BBC: Peki bu açıklamadan sonra Öcalan'dan farklı bir açıklama gelebilir mi hala?
Tuğluk: Tabii ki gelebilir. Oradaki gelişmeleri de değerlendirecektir Öcalan. Ancak şöyle bir şey var: Öcalan çok zorluyor bu süreci ama, bir takım pratik adımların atılmasını istiyor. Pratik gelişmeler eğer bu ara süreçte yaşanabilirse, bu görüşmeler biraz daha somut bir zemine oturabilirse, ben inanıyorum ki Öcalan bu sürece müdahale edecektir ve en azından Haziran ayına kadar bir zaman daha tanıyacaktır diye düşünüyorum. Yeter ki güven verici bir gelişme yaşansın bu ara süreçte.
BBC: O güven verici gelişme beklentisinin ipuçları acaba açıklamadaki şu iki cümlede olabilir mi? Birincisi, "Önümüzdeki sürecin nasıl bir karakter kazanacağı konusunda AKP hükümeti ve devlet güçlerinin yürüteceği politikalar etkili olacaktır." İkincisi ise, "Saldırılar karşısında PKK güçlerinin kendilerini daha etkili savunacağı, ancak saldırmayan/operasyona çıkmayan güçlere saldırmayacağı..." PKK bu cümlelerle, Öcalan'a da bir manevra alanı tanıyarak açık bir kapı mı bırakıyor?

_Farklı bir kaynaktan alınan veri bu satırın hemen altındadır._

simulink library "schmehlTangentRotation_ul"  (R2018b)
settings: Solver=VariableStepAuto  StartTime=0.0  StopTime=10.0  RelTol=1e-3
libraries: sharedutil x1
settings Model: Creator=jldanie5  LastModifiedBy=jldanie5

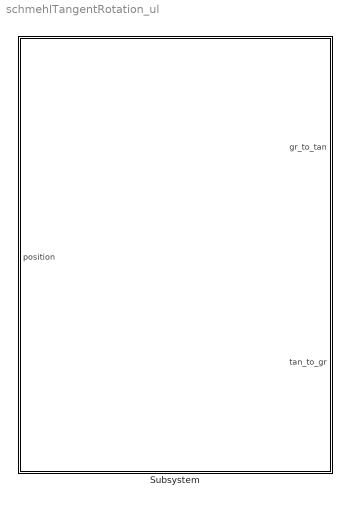
== system schmehlTangentRotation_ul ==
  Subsystem : Subsystem

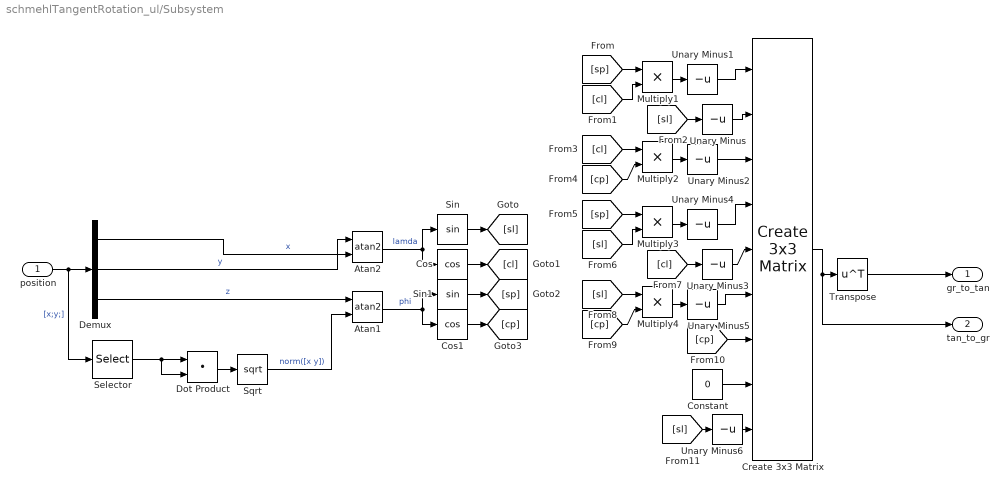
== system schmehlTangentRotation_ul/Subsystem ==
  position : Inport
  Atan1 : Trigonometry  Operator=atan2
  Atan2 : Trigonometry  Operator=atan2
  Constant : Constant  Value=0
  Cos : Trigonometry  Operator=cos
  Cos1 : Trigonometry  Operator=cos
  Create 3x3 Matrix : sharedutil/Create 3x3 Matrix  aMode=aMode
  Demux : Demux  Outputs=3
  Dot Product : DotProduct  InputSameDT=on  OutDataTypeStr=Inherit: Inherit via internal rule
  Multiply{1..4} (4 alike) : Product
  Selector : Selector  InputPortWidth=3  IndexOptions=Index vector (dialog)  Indices=[1 2]  OutputSizes=1
  Sin : Trigonometry
  Sin1 : Trigonometry
  Sqrt : Sqrt  SaturateOnIntegerOverflow=on
  Transpose : Math  Operator=transpose  SaturateOnIntegerOverflow=on
  Unary Minus{,1..6} (7 alike) : UnaryMinus
  gr_to_tan : Outport
  tan_to_gr : Outport  Port=2
  wires:
  position/1 -> Selector/1, Demux/1  "[x;y;]"
  Demux/2 -> Atan2/1  "y"
  Demux/1 -> Atan2/2  "x"
  Selector/1 -> Dot Product/2, Dot Product/1
  Dot Product/1 -> Sqrt/1
  Demux/3 -> Atan1/1  "z"
  Sqrt/1 -> Atan1/2  "norm([x y])"
  Transpose/1 -> gr_to_tan/1
  Create 3x3 Matrix/1 -> tan_to_gr/1, Transpose/1
  Atan2/1 -> Cos/1, Sin/1  "lamda"
  Atan1/1 -> Cos1/1, Sin1/1  "phi"
  Sin/1 -> [sl]
  Cos/1 -> [cl]
  Sin1/1 -> [sp]
  Cos1/1 -> [cp]
  Unary Minus1/1 -> Create 3x3 Matrix/1
  [sl] -> Unary Minus/1
  Unary Minus/1 -> Create 3x3 Matrix/2
  Multiply1/1 -> Unary Minus1/1
  [sp] -> Multiply1/1
  [cl] -> Multiply1/2
  [cl] -> Multiply2/1
  [cp] -> Multiply2/2
  Multiply2/1 -> Unary Minus2/1
  Unary Minus2/1 -> Create 3x3 Matrix/3
  Unary Minus5/1 -> Create 3x3 Matrix/6
  Multiply3/1 -> Unary Minus4/1
  Unary Minus4/1 -> Create 3x3 Matrix/4
  [sp] -> Multiply3/1
  [cp] -> Multiply4/2
  Multiply4/1 -> Unary Minus5/1
  Unary Minus3/1 -> Create 3x3 Matrix/5
  [sl] -> Multiply4/1
  [cl] -> Unary Minus3/1
  [sl] -> Multiply3/2
  [cp] -> Create 3x3 Matrix/7
  Constant/1 -> Create 3x3 Matrix/8
  Unary Minus6/1 -> Create 3x3 Matrix/9
  [sl] -> Unary Minus6/1
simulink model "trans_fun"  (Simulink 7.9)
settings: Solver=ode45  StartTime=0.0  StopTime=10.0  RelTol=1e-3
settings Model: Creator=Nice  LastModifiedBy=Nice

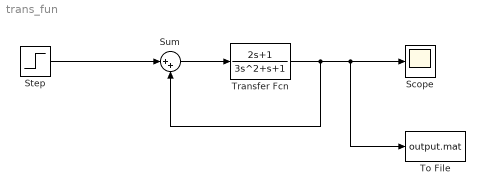
== system trans_fun ==
  Scope : Scope
  Step : Step  SampleTime=0
  Sum : Sum  Inputs=|++
  To File : ToFile  Filename=output.mat  MatrixName=out  SaveFormat=Timeseries
  Transfer Fcn : TransferFcn  Numerator=[2 1]  Denominator=[3 1 1]
  wires:
  Step/1 -> Sum/1
  Sum/1 -> Transfer Fcn/1
  Transfer Fcn/1 -> Sum/2, Scope/1, To File/1
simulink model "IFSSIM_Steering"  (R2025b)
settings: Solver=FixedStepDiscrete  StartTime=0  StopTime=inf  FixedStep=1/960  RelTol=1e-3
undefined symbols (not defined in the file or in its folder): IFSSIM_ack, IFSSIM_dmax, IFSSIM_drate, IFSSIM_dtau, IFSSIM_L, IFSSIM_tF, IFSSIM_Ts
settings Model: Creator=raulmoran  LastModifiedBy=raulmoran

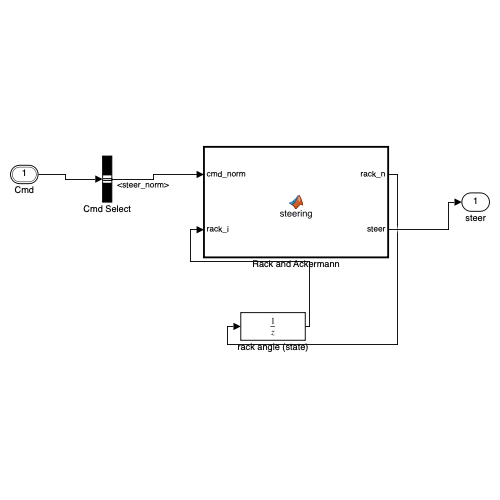
[thumbnail: Simulink's stored preview of the top-level diagram]
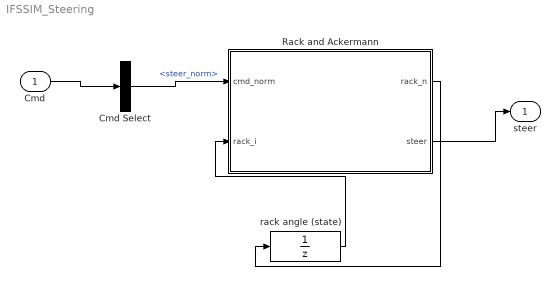
== system IFSSIM_Steering ==
  Cmd : Inport  OutDataTypeStr=Bus: IFSSIM_CmdBus  BusOutputAsStruct=on
  Cmd Select : BusSelector  OutputSignals=steer_norm
  Rack and Ackermann : MATLAB Function  TreatAsAtomicUnit=on
  rack angle (state) : UnitDelay  SampleTime=-1  HasFrameUpgradeWarning=on
  steer : Outport  PortDimensions=4
  wires:
  Cmd/1 -> Cmd Select/1
  Cmd Select/1 -> Rack and Ackermann/1(cmd_norm)  "<steer_norm>"
  rack angle (state)/1 -> Rack and Ackermann/2(rack_i)
  Rack and Ackermann/1(rack_n) -> rack angle (state)/1
  Rack and Ackermann/2(steer) -> steer/1

== matlab function IFSSIM_Steering/Rack and Ackermann ==
  data: cmd_norm input size=1; rack_n output size=1; rack_i input size=1; steer output size=4; IFSSIM_Ts parameter size=1; IFSSIM_dmax parameter size=1; IFSSIM_L parameter size=1; IFSSIM_tF parameter size=1; IFSSIM_ack parameter size=1; IFSSIM_drate parameter size=1; IFSSIM_dtau parameter size=1
function [rack_n, steer] = steering(cmd_norm, rack_i, IFSSIM_Ts, IFSSIM_dmax, IFSSIM_L, IFSSIM_tF, IFSSIM_ack, IFSSIM_drate, IFSSIM_dtau)
%#codegen
% Normalised steering command -> four road-wheel angles.
%
% The rack state is the SINGLE-TRACK (bicycle) angle. Ackermann then splits it
% between the front wheels. The autonomy plans against a kinematic bicycle, so
% this is the definition that keeps the controller's geometry and the plant's
% in agreement.

Ts = IFSSIM_Ts;

% Command -> demanded single-track angle.
cmd = max(-1, min(1, cmd_norm));
target = cmd * IFSSIM_dmax;

% --- actuator ------------------------------------------------------
% First-order lag, then a rate limit. Both default to effectively
% instantaneous — see the note on why an UNMEASURED actuator model is worse
% than none.
alpha = min(Ts / max(IFSSIM_dtau, 1e-9), 1);
lagged = rack_i + alpha * (target - rack_i);

dmax_step = IFSSIM_drate * Ts;
delta = lagged - rack_i;
if delta >  dmax_step, delta =  dmax_step; end
if delta < -dmax_step, delta = -dmax_step; end
rack_n = rack_i + delta;

% --- Ackermann -----------------------------------------------------
% Geometric Ackermann about a common turn centre:
%     R = L / tan(d),  tan(d_inner) = L / (R - t/2),  tan(d_outer) = L / (R + t/2)
% blended toward parallel steer by the Ackermann fraction.
d = rack_i;
if abs(d) < 1e-6
    dl = d; dr = d;                     % straight ahead: no split, and the
                                        % formula below divides by tan(d).
else
    R = IFSSIM_L / tan(d);
    % Positive d steers LEFT in ISO 8855 (y is left, yaw is positive left).
    % The LEFT wheel is then the inner one and takes the larger angle.
    d_in  = atan(IFSSIM_L / (abs(R) - IFSSIM_tF/2));
    d_out = atan(IFSSIM_L / (abs(R) + IFSSIM_tF/2));
    s = sign(d);
    % Blend: 1 = full Ackermann, 0 = both wheels parallel at the rack angle.
    a = IFSSIM_ack;
    d_in_b  = a*d_in  + (1-a)*abs(d);
    d_out_b = a*d_out + (1-a)*abs(d);
    if s > 0
        dl = s*d_in_b;  dr = s*d_out_b;     % turning left: left wheel inner
    else
        dl = s*d_out_b; dr = s*d_in_b;      % turning right: right wheel inner
    end
end

% FL, FR, RL, RR. The rear axle does not steer on this car.
steer = [dl; dr; 0; 0];
end
simulink model "Ctrl_For_HRV_2026_6_22_codex"  (R2024b)
settings: Solver=ode4  StartTime=0.0  StopTime=100  FixedStep=0.02  RelTol=1e-3
InitFcn:
  | Parameter;
undefined symbols (not defined in the file or in its folder): CCI_DUI_AngleRate_Controller, CCI_DUI_FlowAngle_Controller, earth_r, fhan, g0, h_alpha, h_beta, h_miu, h_p, h_q, h_r, m, PNG_2026_6_3, r_alpha, r_beta, r_miu, r_p, r_q, r_r, S, xishu, xishu_D_0, xishu_L_0, xishu_l_0, xishu_m_0, xishu_n_0, xishu_Y_0
libraries: simulink x12
(part 2 of 2)

== matlab function Ctrl_For_HRV_2026_6_22_codex/MATLAB Function2 ==
  data: rM input; alphaCmd output; vM input; rT input; vT input; N input; maxLoadFactor input; g0 input; Q input; mass input; refArea input; alphaLimit input; bankCmd output; nNormalCmd output; nLateralCmd output; aCmd output; aCmdRaw output; lambda output; Vc output; omegaLOS output; Ma input
function [alphaCmd, bankCmd, nNormalCmd, nLateralCmd, aCmd, aCmdRaw, ...
    lambda, Vc, omegaLOS] = pnOverloadCommand3D(rM, vM, rT, vT, N, ...
    maxLoadFactor, g0, Q, mass, refArea, alphaLimit,Ma)
% pnOverloadCommand3D Vector PN guidance converted to alpha/bank commands.
%#codegen
%
% This function is intended for a Simulink MATLAB Function block.
%
% Inputs:
%   rM, vM          Vehicle position and velocity, 3-by-1, inertial frame
%   rT, vT          Target position and velocity, 3-by-1, inertial frame
%   N               Navigation constant
%   maxLoadFactor   Total overload limit [g]
%   g0              Standard gravity [m/s^2]
%   rho             Atmospheric density at current altitude [kg/m^3]
%   mass            Vehicle mass [kg]
%   refArea         Aerodynamic reference area [m^2]
%   CL0             Lift coefficient at alpha = 0
%   CLalpha         Lift-curve slope [1/rad]
%   alphaLimit      Absolute angle-of-attack limit [rad]
%
% Outputs:
%   alphaCmd        Angle-of-attack command [rad]
%   bankCmd         Bank-angle command [rad]
%   nNormalCmd      Signed normal overload command [g]
%   nLateralCmd     Signed lateral overload command [g]
%   aCmd            Limited acceleration command in inertial frame [m/s^2]
%   aCmdRaw         Raw PN acceleration before projection and limiting [m/s^2]
%   lambda          LOS unit vector
%   Vc              Closing velocity [m/s]
%   omegaLOS        LOS angular velocity vector [rad/s]
%
% Velocity-frame axis definition:
%   eForward        Along vehicle velocity
%   eLateral        Right side, perpendicular to forward and inertial up
%   eNormal         Positive upward in the velocity-vertical plane
%
% Command convention:
%   bankCmd = 0        Lift points along +eNormal
%   bankCmd > 0        Lift rotates from +eNormal toward +eLateral
%   alphaCmd > 0       Produces positive lift coefficient in the model

    r = rT - rM;
    v = vT - vM;
    R = norm(r);

    if R < 1e-9
        lambda = [1; 0; 0];
        Vc = 0;
        omegaLOS = [0; 0; 0];
        aCmdRaw = [0; 0; 0];
        aCmd = [0; 0; 0];
        alphaCmd = 0;
        bankCmd = 0;
        nNormalCmd = 0;
        nLateralCmd = 0;
        return;
    end

    lambda = r / R;
    Vc = -dot(r, v) / R;
    omegaLOS = cross(r, v) / R^2;

    if Vc > 0
        aCmdRaw = N * Vc * cross(omegaLOS, lambda);
    else
        aCmdRaw = [0; 0; 0];
    end

    [eForward, eNormal, eLateral] = velocityFrameAxes(vM);

    % Only the acceleration perpendicular to velocity is realizable as
    % normal/lateral overload command in this baseline model.
    aCmdNoAxial = aCmdRaw - dot(aCmdRaw, eForward) * eForward;
    aCmd = limitVectorMagnitude(aCmdNoAxial, maxLoadFactor * g0);

    nNormalCmd = dot(aCmd, eNormal) / g0;
    nLateralCmd = dot(aCmd, eLateral) / g0;

    [alphaCmd, bankCmd] = overloadToAlphaBank(nNormalCmd, nLateralCmd, ...
        vM, Q, mass, refArea, alphaLimit, g0);
end

function [alphaCmd, bankCmd] = overloadToAlphaBank(nNormalCmd, nLateralCmd, ...
     Q, mass, refArea, CLalpha, alphaLimit, g0,Ma)
% overloadToAlphaBank Convert velocity-frame overload to alpha and bank.
%
% The lift vector is assumed perpendicular to velocity:
%
%   nNormalCmd  = nLiftCmd * cos(bankCmd)
%   nLateralCmd = nLiftCmd * sin(bankCmd)
%
% The angle of attack is obtained from the simple aerodynamic model:
%
%   L = qbar * refArea * CL
%   CL = CL0 + CLalpha * alpha
%
% Replace this function with aerodynamic-table interpolation if your
% Simulink model has Mach/altitude-dependent CL(alpha, Mach, h).

    nLiftCmd = hypot(nNormalCmd, nLateralCmd);

    if nLiftCmd < 1e-9
        bankCmd = 0;
    else
        bankCmd = atan2(nLateralCmd, nNormalCmd);
    end


    if Q <= 1e-9 || refArea <= 0 || mass <= 0 || abs(CLalpha) <= 1e-9
        alphaCmd = 0;
        return;
    end

    CLRequired = nLiftCmd * mass * g0 / (Q * refArea);

    CL_func = @(alpha_deg) (-8.19e-2)+(4.7e-2)*Ma+(1.86e-2)*alpha_deg-(4.73e-4)*(alpha_deg*Ma)-(9.19e-3)*Ma^2-(1.52e-4)*alpha_deg^2+(5.99e-7)*(alpha_deg*Ma)^2+(7.74e-4)*Ma^3+(4.08e-6)*alpha_deg^3-(2.93e-5)*Ma^4+(4.12e-7)*Ma^5;
    alpha_cmd = fzero(@(a) CL_func(a) - CLRequired, [-alphaLimit, alphaLimit]);

    alphaCmd = min(max(alpha_cmd, -alphaLimit), alphaLimit);
end

function [eForward, eNormal, eLateral] = velocityFrameAxes(vM)
% velocityFrameAxes Build the velocity coordinate frame.

    speed = norm(vM);
    if speed < 1e-9
        eForward = [1; 0; 0];
    else
        eForward = vM / speed;
    end

    inertialUp = [0; 0; 1];
    eLateral = cross(inertialUp, eForward);

    if norm(eLateral) < 1e-9
        inertialRight = [0; 1; 0];
        eLateral = cross(inertialRight, eForward);
    end

    eLateral = eLateral / norm(eLateral);
    eNormal = cross(eForward, eLateral);
    eNormal = eNormal / norm(eNormal);
end

function y = limitVectorMagnitude(x, maxMagnitude)
% limitVectorMagnitude Saturate vector magnitude while preserving direction.

    xNorm = norm(x);
    if xNorm > maxMagnitude && xNorm > 0
        y = x * (maxMagnitude / xNorm);
    else
        y = x;
    end
end
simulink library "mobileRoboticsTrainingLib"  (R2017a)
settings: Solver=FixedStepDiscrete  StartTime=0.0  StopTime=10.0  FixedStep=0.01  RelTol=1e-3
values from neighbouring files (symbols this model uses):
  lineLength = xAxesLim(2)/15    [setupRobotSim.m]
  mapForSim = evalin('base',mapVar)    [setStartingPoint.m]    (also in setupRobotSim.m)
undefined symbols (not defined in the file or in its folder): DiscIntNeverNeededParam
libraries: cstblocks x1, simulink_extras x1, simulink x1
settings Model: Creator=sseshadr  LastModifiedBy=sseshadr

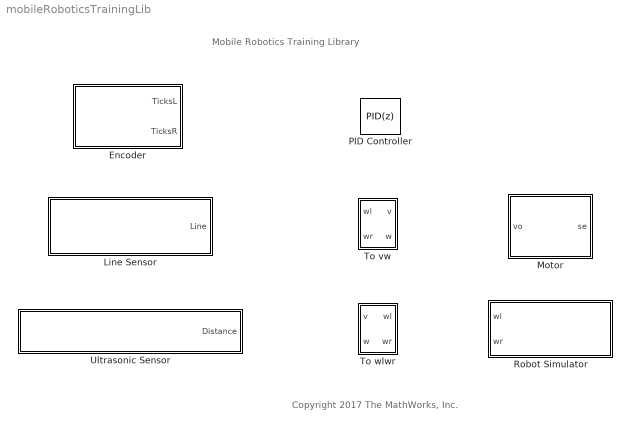
== system mobileRoboticsTrainingLib ==
  note: Mobile Robotics Training Library
  note: Copyright 2017 The MathWorks, Inc.
  Encoder : Subsystem  mask(Encoder Simulation){axleLength=0.1, wheelR=0.05, ticksPerRot=1}
      mask prompts: axleLength "Axle Length (m)"; wheelR "Wheel Radius (m)"; ticksPerRot "Ticks per Rotation"
      mask help:
      | Measure the rotation of left and right motors in ticks.
      |
      | 1 rotation = Number of ticks as specified by the Ticks per Rotation parameter described below.
      |
      | The block outputs a tick count for both a left and a right motor. The tick count:
      | Increments for Clockwise rotation
      | Decrements for Counter-Clockwise rotation
      mask Help: web('Encoder Simulation.htm')
      mask Display: disp('Encoder Simulation')
  Line Sensor : Subsystem  mask(Line Sensor Simulation){mapVariable=mapForSim, envVal=2850, lineVal=2950, sensOff=[0.01 0]}
      mask prompts: mapVariable "Map Variable"; envVal "Environment Value"; lineVal "Line Value"; sensOff "Sensor Offset (m)"
      mask help: Use a simulation map to compute line sensor values based on robot position and sensor offsets.
      mask Help: web('Line Sensor Simulation.htm')
      mask Display: disp('Line Sensor Simulation')
  Motor : Subsystem  mask(Motor Model){motorPlant=1, sensorType=Speed}
      mask prompts: motorPlant "Motor Model"; sensorType "Sensor Type"
      mask help: Use LTI systems to model motors obtained through workflows such as the System Identification App.
      mask Help: web('Motor.htm')
      mask TypeOptions sensorType: Speed | Position
      mask Display:
      | img = imread('motorMask.png');
      | image(img)
  PID Controller : simulink/Continuous/PID Controller  Controller=PID  TimeDomain=Discrete-time  SampleTime=-1  IntegratorMethod=Forward Euler  FilterMethod=Forward Euler  Form=Parallel  UseFilter=on  ControllerParametersSource=internal  P=1  I=1  D=0  N=100  InitialConditionSource=internal  InitialConditionForIntegrator=0  InitialConditionForFilter=0  ExternalReset=none  LimitOutput=off  UpperSaturationLimit=inf  LowerSaturationLimit=-inf  LinearizeAsGain=on  AntiWindupMode=none  Kb=1  TrackingMode=off  Kt=1  PParamMin=[]  PParamMax=[]  IParamMin=[]  IParamMax=[]  DParamMin=[]  DParamMax=[]  NParamMin=[]  NParamMax=[]  KbParamMin=[]  KbParamMax=[]  KtParamMin=[]  KtParamMax=[]  POutMin=[]  POutMax=[]  IOutMin=[]  IOutMax=[]  DOutMin=[]  DOutMax=[]  NOutMin=[]  NOutMax=[]  KbOutMin=[]  KbOutMax=[]  KtOutMin=[]  KtOutMax=[]  IntegratorOutMin=[]  IntegratorOutMax=[]  FilterOutMin=[]  FilterOutMax=[]  SumOutMin=[]  SumOutMax=[]  SumI1OutMin=[]  SumI1OutMax=[]  SumI2OutMin=[]  SumI2OutMax=[]  SumI3OutMin=[]  SumI3OutMax=[]  SumDOutMin=[]  SumDOutMax=[]  SaturationOutMin=[]  SaturationOutMax=[]  IntegratorContinuousStateAttributes=''  IntegratorStateMustResolveToSignalObject=off  IntegratorRTWStateStorageClass=Auto  FilterContinuousStateAttributes=''  FilterStateMustResolveToSignalObject=off  FilterRTWStateStorageClass=Auto  DifferentiatorICPrevScaledInput=0  DifferentiatorOutMin=[]  DifferentiatorOutMax=[]  InitialConditionSetting=Output
  Robot Simulator : Subsystem  Priority=99  mask(Robot Simulator){mapVar=[], startX=1, startY=1, startTheta=0, axleLength=0.1, wheelR=0.05}
      mask prompts: mapVar "Map Variable"; startX "Start X (m)"; startY "Start Y (m)"; startTheta "Theta (deg)"; axleLength "Axle Length (m)"; wheelR "Wheel Radius (m)"
      mask help: Configure robot simulator to use custom simulation maps and simulate closed-loop mobile robotics systems along with appropriate sensor simulation blocks.
      mask init:
      | set_param(bdroot,'SolverType','Fixed-Step');
      | set_param(bdroot,'Solver','FixedStepDiscrete');
      | 
      | if (exist('Ts'))
      |     set_param(bdroot,'FixedStep','Ts');
      | else
      |     set_param(bdroot,'FixedStep','0.01');
      | end
      | 
      | h = findobj('Name','Robot Simulator');
      | if ~isempty(h)
      |     close (h);
      | end
      | setupRobotSim();
      mask Help: web('Robot Simulator.htm')
      mask DialogControl setPos Prompt: Set position interactively
      mask DialogControl setPos Callback:
      | %% Set starting point
      | setStartingPoint();
      mask Display: disp('Robot Simulator')
  To vw : Subsystem  mask(To vw){axleLength=0.1, wheelR=0.05}
      mask prompts: axleLength "Axle Length (m)"; wheelR "Wheel Radius (m)"
      mask help: Converts left (wl) and right (wr) wheel angular velocities into robot linear (v) and angular (w) velocities using robot parameters.
      mask Help: web('To vw.htm')
  To wlwr : Subsystem  mask(To wlwr){axleLength=0.1, wheelR=0.05}
      mask prompts: axleLength "Axle Length (m)"; wheelR "Wheel Radius (m)"
      mask help: Converts robot linear (v) and angular (w) velocities into left (wl) and right (wr) wheel angular velocities using robot parameters.
      mask Help: web('To wlwr.htm')
  Ultrasonic Sensor : Subsystem  mask(Ultrasonic Sensor Simulation){mapVar=mapForSim, maxSenRange=2, minSenRange=0.02, senRes=0.01, sensOff=[0 0]}
      mask prompts: mapVar "Map Variable"; maxSenRange "Maximum Range (m)"; minSenRange "Minimum Range (m)"; senRes "Resolution (m)"; sensOff "Sensor Offset (m)"
      mask help: Use a simulation map to compute ultrasonic sensor values based on robot position and sensor offsets.
      mask init:
      | % %% Read image
      | % imgName = get_param(gcb,'mapFilename');
      | % imgName(1) = []; %Remove extra quotes
      | % imgName(end) = []; %Remove extra quotes
      | % img = imread(imgName);
      | % [imgSize(1),imgSize(2),~] = size(img);
      | % trackSize = str2num(get_param(gcb,'trackSize'));
      | % scaleFactor = imgSize(1)/trackSize(1);
      mask Help: web('Ultrasonic Sensor Simulation.htm')
      mask Display: disp('Ultrasonic Sensor Simulation')

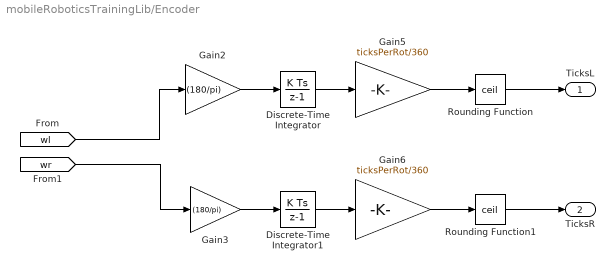
== system mobileRoboticsTrainingLib/Encoder ==
  Discrete-Time Integrator : DiscreteIntegrator  InitialConditionSetting=State (most efficient)  SampleTime=-1  ICPrevOutput=DiscIntNeverNeededParam  ICPrevScaledInput=DiscIntNeverNeededParam
  Discrete-Time Integrator1 : DiscreteIntegrator  InitialConditionSetting=State (most efficient)  SampleTime=-1  ICPrevOutput=DiscIntNeverNeededParam  ICPrevScaledInput=DiscIntNeverNeededParam
  Gain2 : Gain  Gain=(180/pi)
  Gain3 : Gain  Gain=(180/pi)
  Gain5 : Gain  Gain=ticksPerRot/360
  Gain6 : Gain  Gain=ticksPerRot/360
  Rounding Function : Rounding  Operator=ceil
  Rounding Function1 : Rounding  Operator=ceil
  TicksL : Outport
  TicksR : Outport  Port=2
  wires:
  Gain2/1 -> Discrete-Time Integrator/1
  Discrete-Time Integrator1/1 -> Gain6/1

Tuğluk: Evet, ben bu açıklamayı böyle anlıyorum. Kesinlikle bir açık kapı bırakıyorlar. Örgüt nihayetinde Öcalan'ın söylediği şeyleri esas alacaktır. Bu konuda zaten çok net açıklamaları var. Bence o nedenle, bu açıklamayı da dikkate aldığımızda, bu ara süreçte devletin bu sorunu daha ciddi olarak gündemine alması gerekiyor ve bu konuda ikna edilmesi gerekiyor. Yani Kandil ile görüşülmesi gerekiyor ise Kandil ile görüşülmesi, Öcalan ile görüşülmesi gerekiyorsa bunun yapılması gerekiyor. Devlet olarak komplekse girilmemesi gerekiyor.